● What to do: In the records below, begin at the line containing "settings Model: Creator=19114" and end at the line containing "settings OptimizationCC: DefaultParameterBehavior=Inlined"; quote every line in that span exactly, including both boundary lines, and no others.

Source records:
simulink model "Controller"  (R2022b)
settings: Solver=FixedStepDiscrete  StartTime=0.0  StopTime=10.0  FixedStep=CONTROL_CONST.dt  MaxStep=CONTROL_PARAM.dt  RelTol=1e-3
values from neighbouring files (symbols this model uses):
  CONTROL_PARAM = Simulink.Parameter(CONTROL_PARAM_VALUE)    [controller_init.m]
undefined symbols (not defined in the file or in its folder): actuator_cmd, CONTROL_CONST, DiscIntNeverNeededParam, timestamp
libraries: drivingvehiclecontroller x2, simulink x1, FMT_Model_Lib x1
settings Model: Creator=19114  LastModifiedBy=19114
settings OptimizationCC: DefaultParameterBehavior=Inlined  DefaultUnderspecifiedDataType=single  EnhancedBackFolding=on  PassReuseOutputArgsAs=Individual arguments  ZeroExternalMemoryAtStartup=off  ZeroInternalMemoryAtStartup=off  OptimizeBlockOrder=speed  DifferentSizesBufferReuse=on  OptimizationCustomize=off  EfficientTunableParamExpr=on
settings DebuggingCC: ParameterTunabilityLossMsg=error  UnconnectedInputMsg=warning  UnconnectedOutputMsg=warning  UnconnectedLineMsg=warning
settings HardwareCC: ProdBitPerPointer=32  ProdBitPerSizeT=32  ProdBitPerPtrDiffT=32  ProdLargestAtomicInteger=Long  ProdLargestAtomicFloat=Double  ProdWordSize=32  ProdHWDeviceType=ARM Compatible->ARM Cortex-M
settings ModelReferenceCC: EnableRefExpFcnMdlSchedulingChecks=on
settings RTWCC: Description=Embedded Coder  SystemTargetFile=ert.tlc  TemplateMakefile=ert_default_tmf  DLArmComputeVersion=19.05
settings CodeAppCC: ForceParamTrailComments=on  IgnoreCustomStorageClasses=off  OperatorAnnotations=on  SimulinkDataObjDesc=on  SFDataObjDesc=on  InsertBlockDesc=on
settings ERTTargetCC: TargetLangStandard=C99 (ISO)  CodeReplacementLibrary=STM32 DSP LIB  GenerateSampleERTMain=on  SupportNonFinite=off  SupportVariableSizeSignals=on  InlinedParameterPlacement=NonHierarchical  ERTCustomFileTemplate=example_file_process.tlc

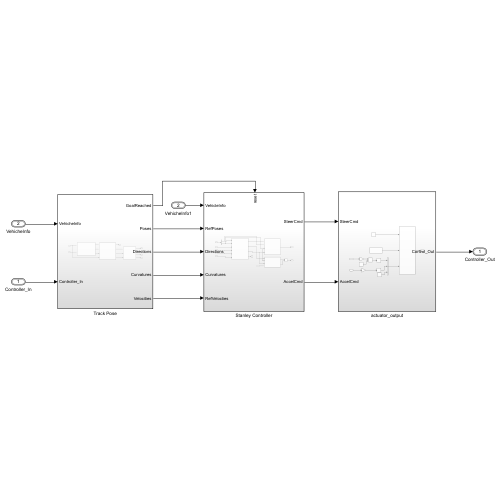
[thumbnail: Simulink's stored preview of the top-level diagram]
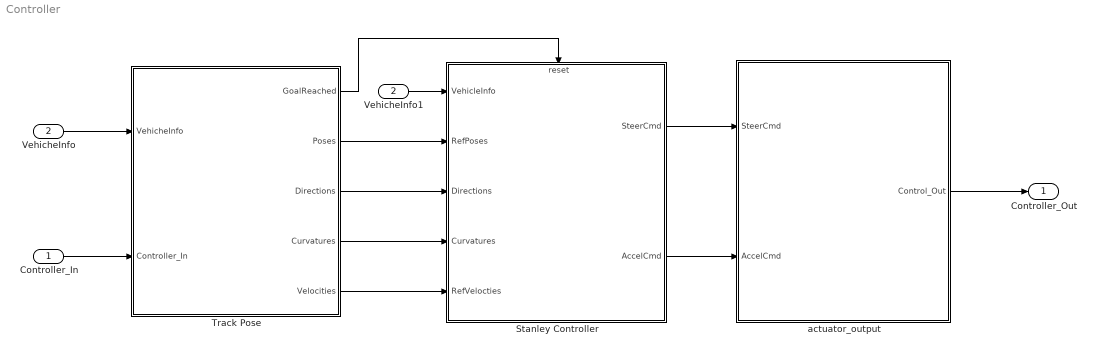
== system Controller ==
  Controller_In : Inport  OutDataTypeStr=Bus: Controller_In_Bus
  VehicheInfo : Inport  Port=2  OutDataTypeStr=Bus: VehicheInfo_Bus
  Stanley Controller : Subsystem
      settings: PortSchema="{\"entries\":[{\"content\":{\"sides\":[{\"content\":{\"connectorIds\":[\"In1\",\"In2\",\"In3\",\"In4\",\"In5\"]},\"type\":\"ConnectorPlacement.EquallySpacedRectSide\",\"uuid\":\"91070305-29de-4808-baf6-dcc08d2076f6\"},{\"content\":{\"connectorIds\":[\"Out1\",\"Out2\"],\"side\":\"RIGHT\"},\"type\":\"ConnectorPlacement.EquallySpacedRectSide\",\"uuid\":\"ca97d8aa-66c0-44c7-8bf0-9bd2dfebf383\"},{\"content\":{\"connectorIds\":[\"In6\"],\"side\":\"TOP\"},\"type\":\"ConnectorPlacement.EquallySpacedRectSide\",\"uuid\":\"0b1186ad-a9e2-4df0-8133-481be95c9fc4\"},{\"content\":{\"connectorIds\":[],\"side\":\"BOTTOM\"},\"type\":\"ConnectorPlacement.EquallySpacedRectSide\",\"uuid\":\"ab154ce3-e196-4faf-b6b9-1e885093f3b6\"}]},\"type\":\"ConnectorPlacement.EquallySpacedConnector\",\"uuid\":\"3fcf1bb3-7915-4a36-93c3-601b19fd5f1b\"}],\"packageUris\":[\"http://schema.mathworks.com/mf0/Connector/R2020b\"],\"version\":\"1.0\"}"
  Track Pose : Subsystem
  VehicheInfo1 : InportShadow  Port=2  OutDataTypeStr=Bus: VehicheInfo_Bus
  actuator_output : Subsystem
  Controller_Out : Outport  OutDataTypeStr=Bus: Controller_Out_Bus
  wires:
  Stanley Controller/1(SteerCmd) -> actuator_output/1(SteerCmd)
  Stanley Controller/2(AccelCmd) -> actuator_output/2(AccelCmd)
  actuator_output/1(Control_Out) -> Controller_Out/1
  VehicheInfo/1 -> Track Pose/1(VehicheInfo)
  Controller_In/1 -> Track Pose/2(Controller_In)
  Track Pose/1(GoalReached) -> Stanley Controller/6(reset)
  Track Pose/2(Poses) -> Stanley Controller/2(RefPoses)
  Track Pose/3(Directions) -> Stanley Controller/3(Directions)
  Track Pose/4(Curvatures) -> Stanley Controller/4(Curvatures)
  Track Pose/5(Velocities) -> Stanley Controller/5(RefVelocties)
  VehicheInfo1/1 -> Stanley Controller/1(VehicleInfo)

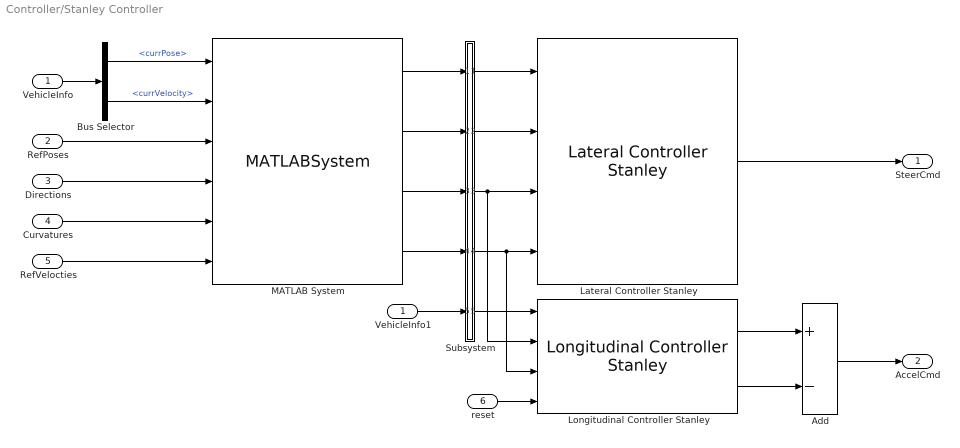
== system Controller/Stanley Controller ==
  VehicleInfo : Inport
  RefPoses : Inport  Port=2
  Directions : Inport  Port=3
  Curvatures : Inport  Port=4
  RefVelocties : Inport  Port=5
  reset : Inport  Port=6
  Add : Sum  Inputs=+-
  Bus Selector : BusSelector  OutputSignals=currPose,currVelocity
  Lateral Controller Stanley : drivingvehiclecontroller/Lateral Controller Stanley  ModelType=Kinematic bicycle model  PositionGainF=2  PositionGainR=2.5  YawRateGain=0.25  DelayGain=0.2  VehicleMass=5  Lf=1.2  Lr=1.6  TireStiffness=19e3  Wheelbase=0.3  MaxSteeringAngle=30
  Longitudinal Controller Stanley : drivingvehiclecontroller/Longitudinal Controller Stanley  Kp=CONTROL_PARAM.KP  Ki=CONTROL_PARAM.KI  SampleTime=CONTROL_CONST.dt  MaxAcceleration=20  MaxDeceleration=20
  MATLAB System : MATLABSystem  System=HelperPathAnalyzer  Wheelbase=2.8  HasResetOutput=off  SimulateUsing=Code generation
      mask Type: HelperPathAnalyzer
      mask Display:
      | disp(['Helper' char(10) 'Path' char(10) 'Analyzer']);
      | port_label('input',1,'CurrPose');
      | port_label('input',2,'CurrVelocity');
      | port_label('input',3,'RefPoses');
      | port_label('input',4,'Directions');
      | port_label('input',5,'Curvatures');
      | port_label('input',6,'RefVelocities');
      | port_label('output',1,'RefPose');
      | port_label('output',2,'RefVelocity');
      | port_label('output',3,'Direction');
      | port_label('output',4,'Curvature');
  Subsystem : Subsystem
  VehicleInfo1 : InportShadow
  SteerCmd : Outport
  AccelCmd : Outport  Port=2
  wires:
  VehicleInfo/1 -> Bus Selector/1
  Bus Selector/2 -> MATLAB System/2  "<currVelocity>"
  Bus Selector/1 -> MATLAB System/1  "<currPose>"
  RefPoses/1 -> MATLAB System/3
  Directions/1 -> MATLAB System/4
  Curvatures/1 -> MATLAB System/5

● Exercise result:
settings Model: Creator=19114  LastModifiedBy=19114
settings OptimizationCC: DefaultParameterBehavior=Inlined  DefaultUnderspecifiedDataType=single  EnhancedBackFolding=on  PassReuseOutputArgsAs=Individual arguments  ZeroExternalMemoryAtStartup=off  ZeroInternalMemoryAtStartup=off  OptimizeBlockOrder=speed  DifferentSizesBufferReuse=on  OptimizationCustomize=off  EfficientTunableParamExpr=on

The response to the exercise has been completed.